__Exercise instructions__. Read through the records. Copy each line that has the word "TransferFcn".

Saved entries

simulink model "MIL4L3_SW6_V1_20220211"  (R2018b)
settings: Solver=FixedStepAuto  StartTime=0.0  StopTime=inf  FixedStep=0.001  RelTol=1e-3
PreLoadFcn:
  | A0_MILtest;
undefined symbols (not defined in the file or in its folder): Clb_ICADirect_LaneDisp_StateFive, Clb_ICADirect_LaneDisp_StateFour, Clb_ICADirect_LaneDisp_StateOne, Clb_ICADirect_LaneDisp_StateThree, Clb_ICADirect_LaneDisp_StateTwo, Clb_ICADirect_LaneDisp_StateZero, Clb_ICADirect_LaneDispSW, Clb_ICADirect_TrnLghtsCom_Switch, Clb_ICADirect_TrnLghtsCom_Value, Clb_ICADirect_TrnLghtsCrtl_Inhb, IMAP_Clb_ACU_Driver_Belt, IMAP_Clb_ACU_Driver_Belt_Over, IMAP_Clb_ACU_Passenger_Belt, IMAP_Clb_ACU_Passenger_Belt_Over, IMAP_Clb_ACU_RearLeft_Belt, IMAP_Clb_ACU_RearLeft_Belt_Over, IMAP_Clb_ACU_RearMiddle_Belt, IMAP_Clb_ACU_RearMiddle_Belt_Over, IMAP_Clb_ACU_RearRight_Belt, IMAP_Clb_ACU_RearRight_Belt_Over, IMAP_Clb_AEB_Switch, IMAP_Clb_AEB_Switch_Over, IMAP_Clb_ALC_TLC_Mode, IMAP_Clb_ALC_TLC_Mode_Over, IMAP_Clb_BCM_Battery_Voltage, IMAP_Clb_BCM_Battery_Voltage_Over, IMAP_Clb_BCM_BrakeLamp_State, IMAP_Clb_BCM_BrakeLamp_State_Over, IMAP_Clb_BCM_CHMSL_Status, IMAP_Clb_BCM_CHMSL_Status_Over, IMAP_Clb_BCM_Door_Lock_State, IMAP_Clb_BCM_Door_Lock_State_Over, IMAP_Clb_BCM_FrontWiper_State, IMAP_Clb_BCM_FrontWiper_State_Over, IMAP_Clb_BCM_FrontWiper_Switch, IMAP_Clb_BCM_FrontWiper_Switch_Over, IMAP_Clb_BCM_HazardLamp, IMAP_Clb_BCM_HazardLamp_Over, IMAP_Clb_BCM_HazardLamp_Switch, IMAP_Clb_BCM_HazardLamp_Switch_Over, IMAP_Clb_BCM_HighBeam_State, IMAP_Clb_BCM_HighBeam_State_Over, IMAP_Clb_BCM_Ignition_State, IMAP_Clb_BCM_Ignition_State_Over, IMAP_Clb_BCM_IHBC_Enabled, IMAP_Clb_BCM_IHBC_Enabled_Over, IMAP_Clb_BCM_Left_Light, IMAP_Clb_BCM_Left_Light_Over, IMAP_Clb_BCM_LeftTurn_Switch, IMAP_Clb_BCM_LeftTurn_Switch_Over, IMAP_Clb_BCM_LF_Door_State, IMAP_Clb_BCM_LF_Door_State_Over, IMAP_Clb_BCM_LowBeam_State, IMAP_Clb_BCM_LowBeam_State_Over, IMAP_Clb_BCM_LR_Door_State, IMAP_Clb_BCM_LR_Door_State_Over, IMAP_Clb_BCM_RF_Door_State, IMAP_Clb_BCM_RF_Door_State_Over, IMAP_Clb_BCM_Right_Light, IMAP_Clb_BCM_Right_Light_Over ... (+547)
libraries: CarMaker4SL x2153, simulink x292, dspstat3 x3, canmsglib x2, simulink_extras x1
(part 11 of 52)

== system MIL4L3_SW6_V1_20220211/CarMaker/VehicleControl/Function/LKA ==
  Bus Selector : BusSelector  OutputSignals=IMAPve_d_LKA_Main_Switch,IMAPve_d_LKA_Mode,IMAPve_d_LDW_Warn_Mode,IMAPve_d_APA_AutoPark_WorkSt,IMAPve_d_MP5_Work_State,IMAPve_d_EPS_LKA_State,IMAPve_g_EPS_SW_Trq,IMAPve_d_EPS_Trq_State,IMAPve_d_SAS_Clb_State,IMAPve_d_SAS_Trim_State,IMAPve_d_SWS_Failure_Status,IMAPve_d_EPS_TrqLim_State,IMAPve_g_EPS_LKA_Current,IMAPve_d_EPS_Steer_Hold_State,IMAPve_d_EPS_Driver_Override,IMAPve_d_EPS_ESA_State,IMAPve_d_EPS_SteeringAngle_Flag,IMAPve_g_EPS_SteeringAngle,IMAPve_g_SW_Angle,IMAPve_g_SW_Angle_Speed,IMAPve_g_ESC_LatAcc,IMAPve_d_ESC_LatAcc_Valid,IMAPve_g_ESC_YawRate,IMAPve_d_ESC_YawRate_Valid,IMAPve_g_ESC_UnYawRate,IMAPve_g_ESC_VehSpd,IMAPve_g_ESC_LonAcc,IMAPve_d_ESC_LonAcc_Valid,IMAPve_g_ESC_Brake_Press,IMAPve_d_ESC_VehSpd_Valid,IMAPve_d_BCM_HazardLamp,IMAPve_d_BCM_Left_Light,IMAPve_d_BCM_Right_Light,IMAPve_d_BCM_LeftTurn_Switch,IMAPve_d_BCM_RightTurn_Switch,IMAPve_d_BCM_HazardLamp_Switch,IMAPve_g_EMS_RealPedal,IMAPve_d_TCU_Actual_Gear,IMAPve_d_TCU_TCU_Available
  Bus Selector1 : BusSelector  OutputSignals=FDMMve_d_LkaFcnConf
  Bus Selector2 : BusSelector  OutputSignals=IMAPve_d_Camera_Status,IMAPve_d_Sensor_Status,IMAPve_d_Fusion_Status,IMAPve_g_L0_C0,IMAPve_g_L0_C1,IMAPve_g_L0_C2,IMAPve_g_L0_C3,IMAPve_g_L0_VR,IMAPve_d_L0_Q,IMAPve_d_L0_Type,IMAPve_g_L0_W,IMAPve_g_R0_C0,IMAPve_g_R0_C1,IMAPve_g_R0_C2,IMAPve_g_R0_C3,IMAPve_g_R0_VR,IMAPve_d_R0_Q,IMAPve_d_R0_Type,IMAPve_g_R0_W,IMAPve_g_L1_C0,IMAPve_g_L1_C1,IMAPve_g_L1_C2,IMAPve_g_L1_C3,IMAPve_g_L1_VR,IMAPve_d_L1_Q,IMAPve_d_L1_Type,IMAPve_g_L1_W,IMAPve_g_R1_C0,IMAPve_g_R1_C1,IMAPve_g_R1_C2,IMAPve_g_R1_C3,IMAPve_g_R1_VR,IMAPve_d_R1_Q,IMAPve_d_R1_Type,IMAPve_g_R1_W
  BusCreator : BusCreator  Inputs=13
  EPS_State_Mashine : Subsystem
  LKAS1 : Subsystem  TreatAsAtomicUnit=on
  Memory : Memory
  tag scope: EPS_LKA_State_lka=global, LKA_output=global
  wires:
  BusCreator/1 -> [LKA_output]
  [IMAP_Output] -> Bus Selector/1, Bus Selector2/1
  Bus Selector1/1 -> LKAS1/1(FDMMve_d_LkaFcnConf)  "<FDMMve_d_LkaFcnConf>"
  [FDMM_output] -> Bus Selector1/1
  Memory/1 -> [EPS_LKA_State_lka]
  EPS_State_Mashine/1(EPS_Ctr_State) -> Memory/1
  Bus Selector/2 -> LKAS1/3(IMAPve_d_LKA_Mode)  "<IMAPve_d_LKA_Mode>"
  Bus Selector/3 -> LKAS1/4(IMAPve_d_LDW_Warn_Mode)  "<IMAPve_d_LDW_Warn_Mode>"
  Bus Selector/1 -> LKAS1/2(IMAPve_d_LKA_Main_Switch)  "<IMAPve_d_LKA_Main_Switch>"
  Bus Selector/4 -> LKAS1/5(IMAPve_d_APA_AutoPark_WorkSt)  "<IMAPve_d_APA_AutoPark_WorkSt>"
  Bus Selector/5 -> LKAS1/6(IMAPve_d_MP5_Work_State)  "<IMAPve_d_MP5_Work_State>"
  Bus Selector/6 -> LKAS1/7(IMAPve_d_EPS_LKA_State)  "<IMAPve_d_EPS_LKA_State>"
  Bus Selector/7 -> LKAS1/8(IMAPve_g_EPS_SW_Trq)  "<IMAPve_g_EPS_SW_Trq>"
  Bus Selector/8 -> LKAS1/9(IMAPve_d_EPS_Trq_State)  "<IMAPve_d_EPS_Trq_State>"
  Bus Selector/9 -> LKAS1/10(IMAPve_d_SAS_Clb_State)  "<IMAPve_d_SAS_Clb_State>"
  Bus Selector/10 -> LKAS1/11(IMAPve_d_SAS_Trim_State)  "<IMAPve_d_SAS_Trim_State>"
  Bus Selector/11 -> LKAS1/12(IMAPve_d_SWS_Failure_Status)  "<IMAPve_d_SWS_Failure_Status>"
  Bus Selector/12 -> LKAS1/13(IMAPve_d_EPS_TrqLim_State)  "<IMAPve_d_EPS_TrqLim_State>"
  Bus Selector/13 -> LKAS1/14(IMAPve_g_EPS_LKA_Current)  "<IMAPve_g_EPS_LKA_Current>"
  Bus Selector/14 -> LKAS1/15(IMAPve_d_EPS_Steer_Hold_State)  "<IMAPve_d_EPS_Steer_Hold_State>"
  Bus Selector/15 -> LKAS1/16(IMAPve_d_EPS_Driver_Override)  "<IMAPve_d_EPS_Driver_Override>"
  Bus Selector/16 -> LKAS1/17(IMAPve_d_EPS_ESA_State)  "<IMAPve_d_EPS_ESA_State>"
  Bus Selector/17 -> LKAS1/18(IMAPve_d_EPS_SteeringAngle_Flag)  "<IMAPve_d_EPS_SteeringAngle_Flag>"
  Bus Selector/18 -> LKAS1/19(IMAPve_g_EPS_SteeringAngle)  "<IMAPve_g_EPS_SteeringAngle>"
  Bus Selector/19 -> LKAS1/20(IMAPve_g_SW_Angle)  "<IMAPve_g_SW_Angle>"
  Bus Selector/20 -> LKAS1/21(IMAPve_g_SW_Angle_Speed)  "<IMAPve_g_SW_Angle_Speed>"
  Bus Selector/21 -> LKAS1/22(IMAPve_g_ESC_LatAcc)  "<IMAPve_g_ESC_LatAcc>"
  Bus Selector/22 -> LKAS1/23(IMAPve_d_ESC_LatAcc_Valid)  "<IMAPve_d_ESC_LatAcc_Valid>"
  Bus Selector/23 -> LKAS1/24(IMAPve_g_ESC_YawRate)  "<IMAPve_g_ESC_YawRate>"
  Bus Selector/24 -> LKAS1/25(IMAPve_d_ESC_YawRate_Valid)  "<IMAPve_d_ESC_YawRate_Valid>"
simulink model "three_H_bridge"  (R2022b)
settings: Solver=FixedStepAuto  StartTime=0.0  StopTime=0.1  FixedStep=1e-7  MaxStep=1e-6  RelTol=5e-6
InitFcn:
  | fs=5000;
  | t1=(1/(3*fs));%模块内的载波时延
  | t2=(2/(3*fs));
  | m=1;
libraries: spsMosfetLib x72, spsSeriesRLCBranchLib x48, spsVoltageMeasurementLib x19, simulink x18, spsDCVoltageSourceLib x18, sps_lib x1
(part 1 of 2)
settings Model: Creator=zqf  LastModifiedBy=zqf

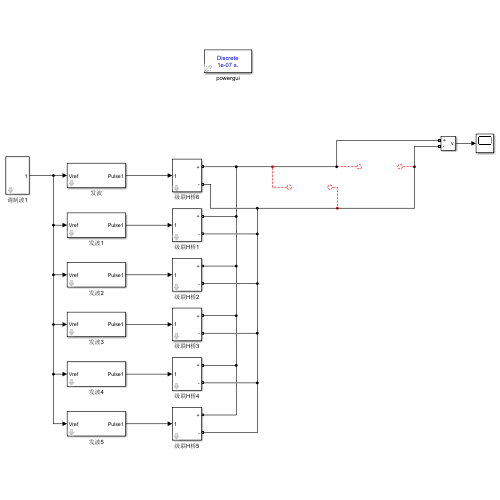
[thumbnail: Simulink's stored preview of the top-level diagram]
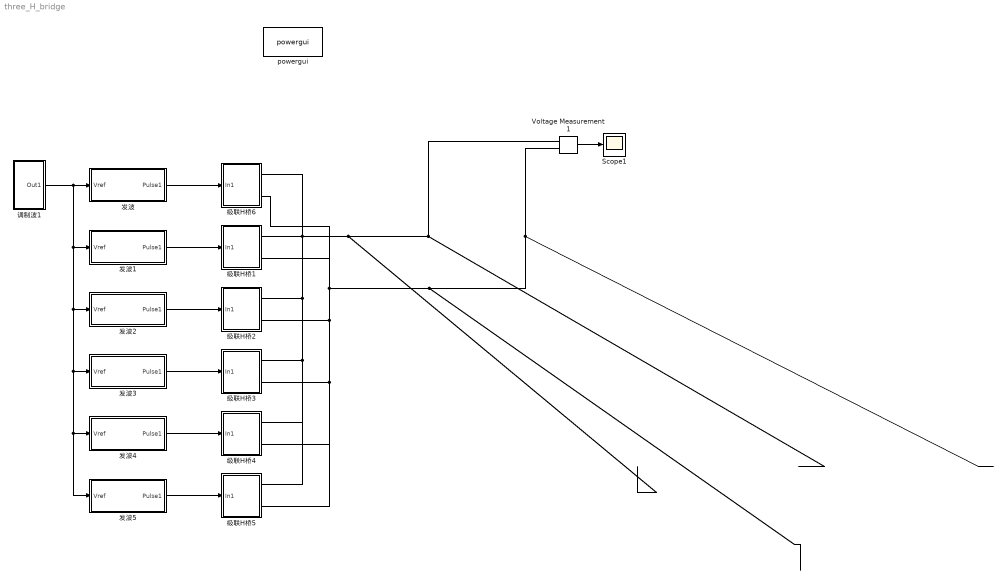
== system three_H_bridge ==
  Scope1 : Scope
  Voltage Measurement1 : spsVoltageMeasurementLib/Voltage Measurement  PhasorSimulation=off  OutputType=Complex  PSBequivalent=0
  powergui : sps_lib/powergui  Priority=1  SimulationMode=Discrete  SampleTime=1e-7  frequency=60  Iterations=50  frequencyindice=0  Pbase=100e6  ErrMax=1e-4  UnitsV=kV  UnitsW=MW  buscounter=0  FunctionMessages=off  echomessages=off  EnableUseOfTLC=off  CurrentSourceSwitches=off  DisableSnubberDevices=off  DisableRonSwitches=off  DisableVfSwitches=off  DisplayEquations=off  AutomaticDiscreteSolvers=off  SolverType=Tustin/Backward Euler (TBE)  Interpol=off  ExternalGateDelay=off  methode=off  Ts=100  x0status=blocks  SPID=on  SwTol=0  HookPort=off  NonlinearTolerance=1e-4  nMaxIteration=100  ContinueOnMaxIteration=off  RestoreLinks=warning  ResistiveCurrentMeasurement=off  Frange=[0:2:500]  Ylog=off  Xlog=on  ShowGrid=off  save=off  variable=ZData  structure=0  ZoomFFT=off  StartTime=0.0  cycles=1  DisplayStyle=1  fundamental=60  FreqAxis=off  MaxFrequency=1000  frequencyindicesteady=1  RmsSteady=1  display=off
  发波 : Subsystem  mask{n=0}
      mask prompts: n "延时n*Ts"
      mask DialogControl ParameterGroupVar Prompt: 参数
  发波1 : Subsystem  mask{n=(1/3)*(1/6)*m}
      mask prompts: n "延时n*Ts"
      mask DialogControl ParameterGroupVar Prompt: 参数
  发波2 : Subsystem  mask{n=(1/3)*(2/6)*m}
      mask prompts: n "延时n*Ts"
      mask DialogControl ParameterGroupVar Prompt: 参数
  发波3 : Subsystem  mask{n=(1/3)*(3/6)*m}
      mask prompts: n "延时n*Ts"
      mask DialogControl ParameterGroupVar Prompt: 参数
  发波4 : Subsystem  mask{n=(1/3)*(4/6)*m}
      mask prompts: n "延时n*Ts"
      mask DialogControl ParameterGroupVar Prompt: 参数
  发波5 : Subsystem  mask{n=(1/3)*(5/6)*m}
      mask prompts: n "延时n*Ts"
      mask DialogControl ParameterGroupVar Prompt: 参数
  级联H桥1 : Subsystem  mask{L=14E-6}
      mask DialogControl ParameterGroupVar Prompt: 参数
  级联H桥2 : Subsystem  mask{L=14E-6}
      mask DialogControl ParameterGroupVar Prompt: 参数
  级联H桥3 : Subsystem  mask{L=14E-6}
      mask DialogControl ParameterGroupVar Prompt: 参数
  级联H桥4 : Subsystem  mask{L=14E-6}
      mask DialogControl ParameterGroupVar Prompt: 参数
  级联H桥5 : Subsystem  mask{L=14E-6}
      mask DialogControl ParameterGroupVar Prompt: 参数
  级联H桥6 : Subsystem  mask{L=11E-6}
      mask DialogControl ParameterGroupVar Prompt: 参数
  调制波1 : Subsystem  mask{m=0.8}
      mask DialogControl ParameterGroupVar Prompt: 参数
  wires:
  发波3/1(Pulse1) -> 级联H桥3/1(In1)
  发波2/1(Pulse1) -> 级联H桥2/1(In1)
  Voltage Measurement1/1 -> Scope1/1
  发波5/1(Pulse1) -> 级联H桥5/1(In1)
  发波4/1(Pulse1) -> 级联H桥4/1(In1)
  发波/1(Pulse1) -> 级联H桥6/1(In1)
  调制波1/1(Out1) -> 发波1/1(Vref), 发波2/1(Vref), 发波3/1(Vref), 发波5/1(Vref), 发波4/1(Vref), 发波/1(Vref)
  发波1/1(Pulse1) -> 级联H桥1/1(In1)
  connections:
  级联H桥5/RConn2 -- 级联H桥4/RConn2 -- 级联H桥3/RConn2 -- 级联H桥2/RConn2 -- 级联H桥1/RConn2 -- Voltage Measurement1/LConn2 -- 级联H桥6/RConn2
  级联H桥5/RConn1 -- 级联H桥4/RConn1 -- 级联H桥3/RConn1 -- 级联H桥2/RConn1 -- 级联H桥1/RConn1 -- Voltage Measurement1/LConn1 -- 级联H桥6/RConn1

== system three_H_bridge/发波 ==
  Vref : Inport
  C+ : simulink/Sources/Repeating Sequence  rep_seq_t=[0 1/(2*fs) 1/(fs)]  rep_seq_y=[-1, 1, -1]
  C+2 : simulink/Sources/Repeating Sequence  rep_seq_t=[0 1/(2*fs) 1/(fs)]  rep_seq_y=[-1, 1, -1]
  C+3 : simulink/Sources/Repeating Sequence  rep_seq_t=[0 1/(2*fs) 1/(fs)]  rep_seq_y=[-1, 1, -1]
  Mux : Mux  Inputs=[4 4 4]
  Mux1 : Mux  Inputs=3
  Scope : Scope
  Scope2 : Scope  NumInputPorts=3
  Transport Delay : TransportDelay  DelayTime=t1
  Transport Delay1 : TransportDelay  DelayTime=t2
  Transport Delay2 : TransportDelay  DelayTime=n*(1/fs)
  Transport Delay3 : TransportDelay  DelayTime=n*(1/fs)
  Transport Delay4 : TransportDelay  DelayTime=n*(1/fs)
  单级倍频调制 : Subsystem
      settings: LibrarySourceBlock=|
      | powerlib_extras/Discrete
      | Control Blocks/Discrete 3-phase
      | PWM Generator/3-level Type/State-to-Pulses
      | Decoder
  单级倍频调制1 : Subsystem
      settings: LibrarySourceBlock=|
      | powerlib_extras/Discrete
      | Control Blocks/Discrete 3-phase
      | PWM Generator/3-level Type/State-to-Pulses
      | Decoder
  单级倍频调制2 : Subsystem
      settings: LibrarySourceBlock=|
      | powerlib_extras/Discrete
      | Control Blocks/Discrete 3-phase
      | PWM Generator/3-level Type/State-to-Pulses
      | Decoder
  Pulse1 : Outport
  wires:
  单级倍频调制2/1(Result) -> Mux/3
  单级倍频调制1/1(Result) -> Mux/2
  单级倍频调制/1(Result) -> Mux/1
  Vref/1 -> 单级倍频调制1/1(Modul), 单级倍频调制2/1(Modul), 单级倍频调制/1(Modul)
  Transport Delay/1 -> 单级倍频调制1/2(C+), Mux1/2, Scope2/2
  Transport Delay1/1 -> 单级倍频调制2/2(C+), Mux1/3, Scope2/3
  Mux/1 -> Pulse1/1
  Transport Delay3/1 -> Mux1/1, Scope2/1, 单级倍频调制/2(C+)
  C+/1 -> Transport Delay3/1
  C+2/1 -> Transport Delay2/1
  Transport Delay2/1 -> Transport Delay/1
  Transport Delay4/1 -> Transport Delay1/1
  C+3/1 -> Transport Delay4/1
  Mux1/1 -> Scope/1

== system three_H_bridge/发波1 ==
  Vref : Inport
  C+ : simulink/Sources/Repeating Sequence  rep_seq_t=[0 1/(2*fs) 1/(fs)]  rep_seq_y=[-1, 1, -1]
  C+2 : simulink/Sources/Repeating Sequence  rep_seq_t=[0 1/(2*fs) 1/(fs)]  rep_seq_y=[-1, 1, -1]
  C+3 : simulink/Sources/Repeating Sequence  rep_seq_t=[0 1/(2*fs) 1/(fs)]  rep_seq_y=[-1, 1, -1]
  Mux : Mux  Inputs=[4 4 4]
  Mux1 : Mux  Inputs=3
  Scope : Scope
  Scope2 : Scope  NumInputPorts=3
  Transport Delay : TransportDelay  DelayTime=t1
  Transport Delay1 : TransportDelay  DelayTime=t2
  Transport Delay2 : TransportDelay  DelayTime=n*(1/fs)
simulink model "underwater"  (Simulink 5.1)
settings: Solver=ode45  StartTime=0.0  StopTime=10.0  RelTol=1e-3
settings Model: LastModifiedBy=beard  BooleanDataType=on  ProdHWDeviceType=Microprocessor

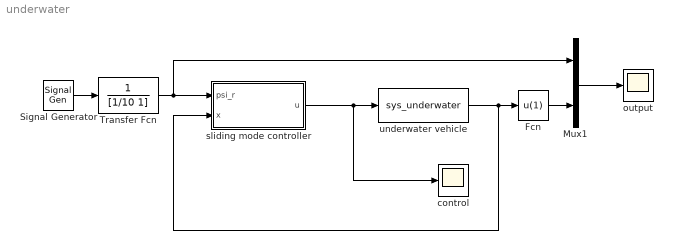
== system underwater ==
  Fcn : Fcn  Expr=u(1)
  Mux1 : Mux  Inputs=2
  Signal Generator : SignalGenerator  WaveForm=square  Frequency=.1
  Transfer Fcn : TransferFcn  Denominator=[1/10 1]
  control : Scope
      settings: YMin=-25  YMax=50
  output : Scope
      settings: YMin=-1.1  YMax=1
  sliding mode controller : Subsystem
  underwater vehicle : S-Function  FunctionName=sys_underwater
  wires:
  underwater vehicle/1 -> sliding mode controller/2(x), Fcn/1
  Signal Generator/1 -> Transfer Fcn/1
  Mux1/1 -> output/1
  sliding mode controller/1(u) -> underwater vehicle/1, control/1
  Fcn/1 -> Mux1/2
  Transfer Fcn/1 -> Mux1/1, sliding mode controller/1(psi_r)

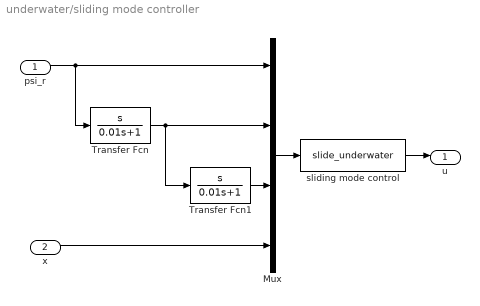
== system underwater/sliding mode controller ==
  psi_r : Inport
  x : Inport  Port=2
  Mux : Mux
  Transfer Fcn : TransferFcn  Numerator=[1 0]  Denominator=[0.01 1]
  Transfer Fcn1 : TransferFcn  Numerator=[1 0]  Denominator=[0.01 1]
  sliding mode control : S-Function  FunctionName=slide_underwater
  u : Outport
  wires:
  Mux/1 -> sliding mode control/1
  psi_r/1 -> Mux/1, Transfer Fcn/1
  sliding mode control/1 -> u/1
  x/1 -> Mux/4
  Transfer Fcn/1 -> Mux/2, Transfer Fcn1/1
  Transfer Fcn1/1 -> Mux/3

__Answer for this exercise__.
  Transfer Fcn : TransferFcn  Denominator=[1/10 1]
  Transfer Fcn : TransferFcn  Numerator=[1 0]  Denominator=[0.01 1]
  Transfer Fcn1 : TransferFcn  Numerator=[1 0]  Denominator=[0.01 1]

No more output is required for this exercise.